Once that method moves to a more general place in the i18n framework I suggest to rename it. E.g. to 
ApplyNaturalBidiEmbedding(). Also adding the embedding markers when the string doesn't contain 
neutral characters can be avoided as they aren't needed then.
Comment 12 thomas.lange 2009-01-28 10:49:18 UTC
TL->ER: Slight change for the mentioned function: it is now called
ApplyLreOrRleEmbedding.
Comment 13 thomas.lange 2009-01-28 10:51:30 UTC
.
Comment 14 erack 2009-03-23 22:13:20 UTC
Reassigning to spare time account.
Comment 15 erack 2009-08-19 23:09:42 UTC
Looking into moving the implementation of ApplyLreOrRleEmbedding() down to
i18npool I encountered some obstacle. The implementation takes advantage of
SvtSysLocale to obtain a cached character classification at almost no cost. That
is not available in i18npool, and we certainly don't want to create new
instances of XCharacterClassification for each string inspection, so would need
some cached instance there as well and refactor some coding details. Nothing
hard to implement, just doesn't fit into my schedule for OOo3.2, therefor
retargeting to OOo3.3. Anyway, according to 'hdu' the original bug is fixed with
ApplyLreOrRleEmbedding(), so I'm setting the issue type to TASK.

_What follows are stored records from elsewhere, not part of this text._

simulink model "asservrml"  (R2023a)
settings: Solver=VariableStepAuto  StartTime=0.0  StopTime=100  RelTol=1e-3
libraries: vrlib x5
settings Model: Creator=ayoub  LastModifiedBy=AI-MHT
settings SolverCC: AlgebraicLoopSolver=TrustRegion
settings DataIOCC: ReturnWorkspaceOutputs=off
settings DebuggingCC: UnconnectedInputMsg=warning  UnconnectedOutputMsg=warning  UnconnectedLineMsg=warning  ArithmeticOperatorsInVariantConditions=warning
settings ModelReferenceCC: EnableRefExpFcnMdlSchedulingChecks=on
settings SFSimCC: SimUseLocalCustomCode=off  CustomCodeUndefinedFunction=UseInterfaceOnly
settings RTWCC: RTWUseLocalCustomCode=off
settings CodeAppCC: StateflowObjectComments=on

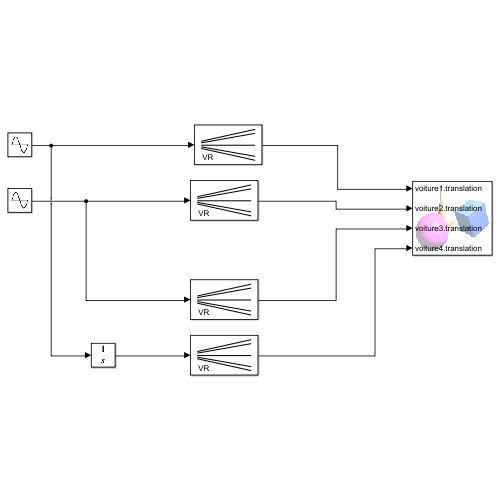
[thumbnail: Simulink's stored preview of the top-level diagram]
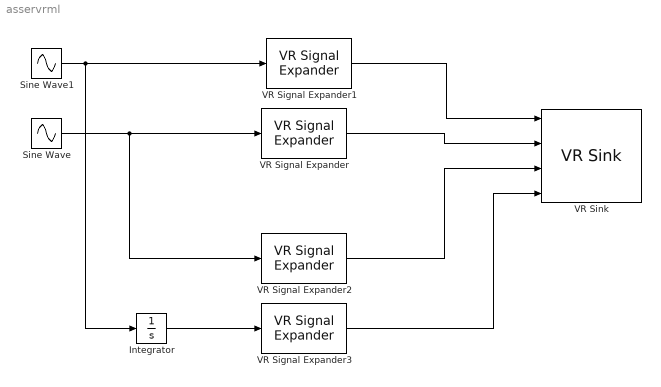
== system asservrml ==
  Integrator : Integrator
  Sine Wave : Sin  Amplitude=100  SampleTime=0
  Sine Wave1 : Sin  Amplitude=60  Frequency=0.8  Phase=30  SampleTime=0
  VR Signal Expander : vrlib/VR Signal Expander  outwidth=3  outidx=[1]
  VR Signal Expander1 : vrlib/VR Signal Expander  outwidth=3  outidx=[3]
  VR Signal Expander2 : vrlib/VR Signal Expander  outwidth=3  outidx=[3]
  VR Signal Expander3 : vrlib/VR Signal Expander  outwidth=3  outidx=[1]
  VR Sink : vrlib/VR Sink  InstantiateOnLoad=on  SampleTime=0.001  ViewEnable=on  RemoteChange=off  RemoteView=off  FieldsWritten=voiture1.translation.3.1.1.double#voiture2.translation.3.1.1.double#voiture3.translation.3.1.1.double#voiture4.translation.3.1.1.double  WorldFileName=carrefour3d.wrl  AutoView=off  VideoDimensions=[]  AllowVariableSize=off
  wires:
  Sine Wave/1 -> VR Signal Expander2/1, VR Signal Expander/1
  Sine Wave1/1 -> Integrator/1, VR Signal Expander1/1
  Integrator/1 -> VR Signal Expander3/1
  VR Signal Expander1/1 -> VR Sink/1
  VR Signal Expander/1 -> VR Sink/2
  VR Signal Expander2/1 -> VR Sink/3
  VR Signal Expander3/1 -> VR Sink/4

However, best would even be if SvtSysLocale could pass the cached instances down
to i18npool instead of having to create another instance there.
Comment 16 hdu@apache.org 2009-08-20 07:08:50 UTC
@erack: the idea behind this method is just to find the first codepoint in the string with "strong" bidi-
direction properties. Since icu is already available in i18npool and its u_charDirection() method is cheap 
there is probably not much need for fancy caching directly or indirectly (by tunneling the cache of all 
character properties cache from other modules).
Comment 17 hdu@apache.org 2009-08-20 07:48:43 UTC
Splitting the method getDefaultDirection() off is probably a good idea too.
Comment 18 erack 2009-08-22 20:41:13 UTC
@hdu: A rewrite to directly use ICU sounds indeed most promising. Thanks for the
thought.
Comment 19 erack 2010-02-24 19:53:06 UTC
Fruit flies like banana.. retargeting to OOo3.x, should actually be OOo3.4 but
that target doesn't exist yet.
Comment 20 hdu@apache.org 2010-06-30 09:53:05 UTC
Status update: When ICU's http://bugs.icu-project.org/trac/ticket/7772 ("Fast string direction detection") 
is resolved the method getDefaultDirection() could be implemented more directly using that new ICU call, 
if OOo's ICU baseline had it available.